The saddest part about the race debate is that those who are often the most virulent racists have no wealth or privilege to protect – white workers who are being told that all that stands between them and poverty is maintaining the status quo in relation to blacks in the workplace.

There are also black African capitalists who are happy to feed off the crumbs of the colonial table.

Frantz Fanon wrote that there are always those for whom the colonial mindset is not a backward step but a positive one for the comprador bourgeois who are part and parcel of imperialism.

We should not call them “coconuts”, because they are not a joke but can play a destructive role in society.

For racists the best outcome is for more black South Africans who see themselves as aspirant entrepreneurs to become the police force of white monopoly capitalism.

Comrade Aubrey, if you are right then there is no hope for us.

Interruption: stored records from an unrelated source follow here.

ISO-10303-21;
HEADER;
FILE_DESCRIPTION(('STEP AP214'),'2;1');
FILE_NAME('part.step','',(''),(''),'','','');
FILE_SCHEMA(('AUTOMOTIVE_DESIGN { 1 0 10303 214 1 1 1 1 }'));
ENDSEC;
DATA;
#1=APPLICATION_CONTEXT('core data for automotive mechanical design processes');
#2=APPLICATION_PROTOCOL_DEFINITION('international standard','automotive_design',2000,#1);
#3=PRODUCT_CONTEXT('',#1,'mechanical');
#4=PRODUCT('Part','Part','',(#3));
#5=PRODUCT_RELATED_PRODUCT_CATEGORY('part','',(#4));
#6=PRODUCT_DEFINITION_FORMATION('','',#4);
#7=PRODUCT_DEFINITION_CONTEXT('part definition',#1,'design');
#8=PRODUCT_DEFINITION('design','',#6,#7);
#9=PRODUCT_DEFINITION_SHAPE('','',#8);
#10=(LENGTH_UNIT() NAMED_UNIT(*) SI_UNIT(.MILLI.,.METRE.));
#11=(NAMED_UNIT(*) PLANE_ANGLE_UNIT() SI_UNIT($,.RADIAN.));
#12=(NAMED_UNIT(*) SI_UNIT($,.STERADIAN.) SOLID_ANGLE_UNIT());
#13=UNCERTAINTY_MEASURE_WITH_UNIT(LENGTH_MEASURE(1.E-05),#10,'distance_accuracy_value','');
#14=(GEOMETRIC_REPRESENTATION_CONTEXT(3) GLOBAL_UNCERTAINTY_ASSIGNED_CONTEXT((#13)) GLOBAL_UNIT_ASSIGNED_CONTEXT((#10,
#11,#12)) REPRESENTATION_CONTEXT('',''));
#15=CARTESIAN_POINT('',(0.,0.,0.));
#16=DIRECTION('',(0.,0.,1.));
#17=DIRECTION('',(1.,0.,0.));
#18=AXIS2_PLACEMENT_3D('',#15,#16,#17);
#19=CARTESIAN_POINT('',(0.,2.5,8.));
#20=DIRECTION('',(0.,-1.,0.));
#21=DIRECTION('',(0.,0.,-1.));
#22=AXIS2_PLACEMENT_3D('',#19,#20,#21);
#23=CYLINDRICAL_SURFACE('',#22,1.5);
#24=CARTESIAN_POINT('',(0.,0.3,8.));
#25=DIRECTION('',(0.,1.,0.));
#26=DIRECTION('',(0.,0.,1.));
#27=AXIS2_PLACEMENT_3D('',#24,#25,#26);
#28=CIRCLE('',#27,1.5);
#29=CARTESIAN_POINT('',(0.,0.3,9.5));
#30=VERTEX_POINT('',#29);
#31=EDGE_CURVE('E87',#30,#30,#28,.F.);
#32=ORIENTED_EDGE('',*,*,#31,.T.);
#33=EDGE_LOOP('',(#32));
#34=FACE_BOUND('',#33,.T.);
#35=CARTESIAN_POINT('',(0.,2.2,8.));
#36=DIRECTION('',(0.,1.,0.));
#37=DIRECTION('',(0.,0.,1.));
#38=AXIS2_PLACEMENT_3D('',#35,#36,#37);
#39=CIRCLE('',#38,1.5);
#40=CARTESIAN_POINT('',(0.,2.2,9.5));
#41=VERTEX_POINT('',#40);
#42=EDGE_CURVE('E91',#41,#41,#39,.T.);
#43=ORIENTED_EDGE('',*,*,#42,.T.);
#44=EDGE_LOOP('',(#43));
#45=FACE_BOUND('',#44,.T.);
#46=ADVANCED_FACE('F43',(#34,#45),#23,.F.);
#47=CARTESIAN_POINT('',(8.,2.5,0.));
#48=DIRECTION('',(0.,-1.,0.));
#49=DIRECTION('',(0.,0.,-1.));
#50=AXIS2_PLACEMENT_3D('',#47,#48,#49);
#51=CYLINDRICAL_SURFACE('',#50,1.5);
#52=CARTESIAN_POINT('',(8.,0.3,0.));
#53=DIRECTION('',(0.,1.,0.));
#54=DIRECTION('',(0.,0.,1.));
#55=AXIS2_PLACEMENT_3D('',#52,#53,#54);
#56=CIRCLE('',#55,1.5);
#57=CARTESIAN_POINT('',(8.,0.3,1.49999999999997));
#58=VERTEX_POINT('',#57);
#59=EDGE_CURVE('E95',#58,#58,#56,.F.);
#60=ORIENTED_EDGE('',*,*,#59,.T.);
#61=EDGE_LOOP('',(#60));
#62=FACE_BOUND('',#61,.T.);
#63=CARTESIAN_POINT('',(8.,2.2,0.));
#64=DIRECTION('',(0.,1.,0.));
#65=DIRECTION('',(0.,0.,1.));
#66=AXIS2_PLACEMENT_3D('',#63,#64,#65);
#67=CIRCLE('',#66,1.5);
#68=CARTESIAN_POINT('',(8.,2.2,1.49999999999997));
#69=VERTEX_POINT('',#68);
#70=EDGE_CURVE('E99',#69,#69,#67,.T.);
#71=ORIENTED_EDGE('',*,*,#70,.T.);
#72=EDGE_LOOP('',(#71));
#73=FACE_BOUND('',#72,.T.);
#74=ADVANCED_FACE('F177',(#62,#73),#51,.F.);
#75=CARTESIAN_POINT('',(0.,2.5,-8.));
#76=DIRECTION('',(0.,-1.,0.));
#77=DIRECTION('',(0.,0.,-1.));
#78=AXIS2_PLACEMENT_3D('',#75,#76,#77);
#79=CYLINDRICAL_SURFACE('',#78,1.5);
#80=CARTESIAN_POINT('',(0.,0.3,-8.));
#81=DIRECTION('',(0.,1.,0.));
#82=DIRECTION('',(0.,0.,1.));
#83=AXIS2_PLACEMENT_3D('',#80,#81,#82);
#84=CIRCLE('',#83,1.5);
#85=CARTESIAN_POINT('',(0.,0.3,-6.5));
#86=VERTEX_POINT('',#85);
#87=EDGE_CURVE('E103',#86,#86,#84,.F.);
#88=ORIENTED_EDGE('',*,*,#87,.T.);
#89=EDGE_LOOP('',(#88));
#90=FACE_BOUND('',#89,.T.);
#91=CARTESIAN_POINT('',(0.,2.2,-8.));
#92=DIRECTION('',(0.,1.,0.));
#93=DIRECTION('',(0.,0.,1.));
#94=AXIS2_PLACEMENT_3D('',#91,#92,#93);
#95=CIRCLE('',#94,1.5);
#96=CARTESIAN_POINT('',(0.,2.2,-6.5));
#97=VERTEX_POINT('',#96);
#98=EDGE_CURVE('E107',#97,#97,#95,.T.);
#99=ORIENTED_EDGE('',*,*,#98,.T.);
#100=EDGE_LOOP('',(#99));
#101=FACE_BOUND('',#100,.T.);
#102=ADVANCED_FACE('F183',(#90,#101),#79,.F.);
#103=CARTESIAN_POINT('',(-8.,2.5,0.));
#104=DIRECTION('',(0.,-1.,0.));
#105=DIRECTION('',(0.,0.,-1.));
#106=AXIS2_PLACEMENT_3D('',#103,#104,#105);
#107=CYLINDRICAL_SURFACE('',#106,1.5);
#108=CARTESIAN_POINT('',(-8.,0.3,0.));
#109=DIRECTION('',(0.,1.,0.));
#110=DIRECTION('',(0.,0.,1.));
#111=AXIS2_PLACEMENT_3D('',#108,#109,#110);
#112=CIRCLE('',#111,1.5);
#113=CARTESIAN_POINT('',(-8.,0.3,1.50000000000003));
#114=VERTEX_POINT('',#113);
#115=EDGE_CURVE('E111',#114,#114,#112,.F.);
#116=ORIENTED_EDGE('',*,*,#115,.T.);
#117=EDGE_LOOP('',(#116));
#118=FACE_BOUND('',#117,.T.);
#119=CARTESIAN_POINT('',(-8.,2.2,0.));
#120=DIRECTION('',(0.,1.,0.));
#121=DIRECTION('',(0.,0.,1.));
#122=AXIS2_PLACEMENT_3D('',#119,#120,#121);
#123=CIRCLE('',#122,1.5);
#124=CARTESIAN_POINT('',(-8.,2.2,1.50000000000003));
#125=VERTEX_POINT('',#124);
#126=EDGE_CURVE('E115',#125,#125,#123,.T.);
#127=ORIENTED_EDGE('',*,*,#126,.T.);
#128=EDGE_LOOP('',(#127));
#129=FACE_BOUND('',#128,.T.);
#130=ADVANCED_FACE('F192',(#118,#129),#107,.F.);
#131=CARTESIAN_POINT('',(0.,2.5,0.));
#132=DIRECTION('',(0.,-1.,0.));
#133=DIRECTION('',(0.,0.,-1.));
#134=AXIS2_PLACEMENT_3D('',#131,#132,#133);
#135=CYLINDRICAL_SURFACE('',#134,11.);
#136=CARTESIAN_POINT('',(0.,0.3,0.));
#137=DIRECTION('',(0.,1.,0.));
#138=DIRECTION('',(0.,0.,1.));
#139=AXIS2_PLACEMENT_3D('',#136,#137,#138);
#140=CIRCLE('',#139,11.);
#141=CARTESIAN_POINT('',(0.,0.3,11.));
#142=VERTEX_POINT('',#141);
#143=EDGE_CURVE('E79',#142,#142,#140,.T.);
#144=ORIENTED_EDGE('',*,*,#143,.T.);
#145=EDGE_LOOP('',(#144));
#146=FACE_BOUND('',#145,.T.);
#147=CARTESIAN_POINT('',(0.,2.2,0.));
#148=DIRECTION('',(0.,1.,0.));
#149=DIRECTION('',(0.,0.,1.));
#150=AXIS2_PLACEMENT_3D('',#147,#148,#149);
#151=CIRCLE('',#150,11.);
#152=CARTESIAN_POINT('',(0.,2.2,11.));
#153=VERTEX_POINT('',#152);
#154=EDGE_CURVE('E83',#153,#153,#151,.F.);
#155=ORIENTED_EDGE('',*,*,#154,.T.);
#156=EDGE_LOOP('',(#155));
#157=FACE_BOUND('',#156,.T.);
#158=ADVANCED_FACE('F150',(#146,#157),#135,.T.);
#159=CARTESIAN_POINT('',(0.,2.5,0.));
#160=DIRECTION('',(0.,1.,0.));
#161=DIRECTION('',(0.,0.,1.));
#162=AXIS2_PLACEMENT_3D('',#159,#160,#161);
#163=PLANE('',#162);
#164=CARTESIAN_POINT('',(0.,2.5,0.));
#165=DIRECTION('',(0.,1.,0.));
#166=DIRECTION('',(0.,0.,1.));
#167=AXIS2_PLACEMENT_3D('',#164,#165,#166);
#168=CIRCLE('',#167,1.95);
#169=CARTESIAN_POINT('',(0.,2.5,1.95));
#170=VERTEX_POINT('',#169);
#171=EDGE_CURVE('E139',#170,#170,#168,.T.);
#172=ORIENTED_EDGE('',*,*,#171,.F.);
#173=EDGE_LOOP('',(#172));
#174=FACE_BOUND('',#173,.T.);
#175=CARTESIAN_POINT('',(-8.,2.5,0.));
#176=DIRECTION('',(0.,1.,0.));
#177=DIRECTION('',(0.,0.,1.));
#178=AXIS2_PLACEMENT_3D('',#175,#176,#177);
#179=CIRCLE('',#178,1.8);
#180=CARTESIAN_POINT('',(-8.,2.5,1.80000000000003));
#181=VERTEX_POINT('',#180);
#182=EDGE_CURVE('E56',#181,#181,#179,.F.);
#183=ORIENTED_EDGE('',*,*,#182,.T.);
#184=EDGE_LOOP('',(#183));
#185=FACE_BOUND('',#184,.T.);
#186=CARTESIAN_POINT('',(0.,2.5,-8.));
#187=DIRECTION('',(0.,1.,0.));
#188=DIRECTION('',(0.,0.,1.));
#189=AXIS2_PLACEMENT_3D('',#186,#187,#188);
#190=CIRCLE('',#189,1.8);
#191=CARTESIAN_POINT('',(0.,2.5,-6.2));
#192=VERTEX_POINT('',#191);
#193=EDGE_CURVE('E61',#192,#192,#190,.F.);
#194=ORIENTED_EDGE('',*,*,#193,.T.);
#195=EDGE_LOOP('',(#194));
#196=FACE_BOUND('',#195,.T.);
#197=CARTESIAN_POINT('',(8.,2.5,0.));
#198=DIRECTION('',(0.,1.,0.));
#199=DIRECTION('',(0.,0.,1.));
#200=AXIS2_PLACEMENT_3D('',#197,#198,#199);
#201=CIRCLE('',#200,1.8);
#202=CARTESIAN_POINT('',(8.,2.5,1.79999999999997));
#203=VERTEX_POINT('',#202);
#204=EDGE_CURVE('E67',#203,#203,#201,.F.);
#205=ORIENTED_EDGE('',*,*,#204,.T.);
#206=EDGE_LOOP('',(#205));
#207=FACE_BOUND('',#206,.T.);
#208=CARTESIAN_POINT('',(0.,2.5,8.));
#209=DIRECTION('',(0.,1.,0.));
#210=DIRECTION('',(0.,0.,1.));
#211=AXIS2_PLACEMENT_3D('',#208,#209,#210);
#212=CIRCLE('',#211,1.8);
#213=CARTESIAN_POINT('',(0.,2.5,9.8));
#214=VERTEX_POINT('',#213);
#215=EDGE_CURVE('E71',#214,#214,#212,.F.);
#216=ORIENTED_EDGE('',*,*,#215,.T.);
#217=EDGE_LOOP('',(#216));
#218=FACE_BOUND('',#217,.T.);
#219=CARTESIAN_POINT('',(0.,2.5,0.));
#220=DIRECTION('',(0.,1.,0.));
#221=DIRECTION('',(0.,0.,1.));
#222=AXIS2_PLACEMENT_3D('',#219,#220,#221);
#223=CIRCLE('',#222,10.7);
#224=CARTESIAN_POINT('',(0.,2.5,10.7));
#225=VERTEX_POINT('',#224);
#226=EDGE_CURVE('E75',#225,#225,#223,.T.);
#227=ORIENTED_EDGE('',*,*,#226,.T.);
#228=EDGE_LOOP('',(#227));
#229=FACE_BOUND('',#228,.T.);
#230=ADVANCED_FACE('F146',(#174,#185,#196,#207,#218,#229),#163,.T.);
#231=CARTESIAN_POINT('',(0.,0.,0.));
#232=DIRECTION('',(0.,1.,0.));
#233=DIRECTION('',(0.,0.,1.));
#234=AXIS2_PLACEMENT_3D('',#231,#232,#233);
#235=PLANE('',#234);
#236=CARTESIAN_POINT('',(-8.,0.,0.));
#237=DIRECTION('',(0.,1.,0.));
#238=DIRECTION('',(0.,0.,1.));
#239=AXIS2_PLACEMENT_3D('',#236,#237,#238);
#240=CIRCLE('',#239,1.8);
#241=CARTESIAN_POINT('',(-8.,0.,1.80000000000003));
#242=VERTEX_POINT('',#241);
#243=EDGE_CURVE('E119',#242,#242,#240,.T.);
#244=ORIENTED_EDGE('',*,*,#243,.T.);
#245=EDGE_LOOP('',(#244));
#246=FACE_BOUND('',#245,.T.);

Socialism is our only answer to racism and without it there is no hope for any of us and for this small planet which is our home.

Rejoin the struggle against racism by attacking the capitalist system that breeds it.

I choose to remember the words of a great poet, whose life is celebrated each year from Scotland to South Africa, from Ghana to Russia and many points in between.

With a slight change to the first line,

Then let us fight that come it may,

(As come it will for a( that)

That sense and worth o’er a’ the earth,

Shall bear the gree, an a’ that,

For a’ that an a’ that,

It’s coming yet for a’ that,

That man to man the world o’er,

Shall brothers (and sisters) be for a’ that.

The immortal words of Robert Burns, written in 1795.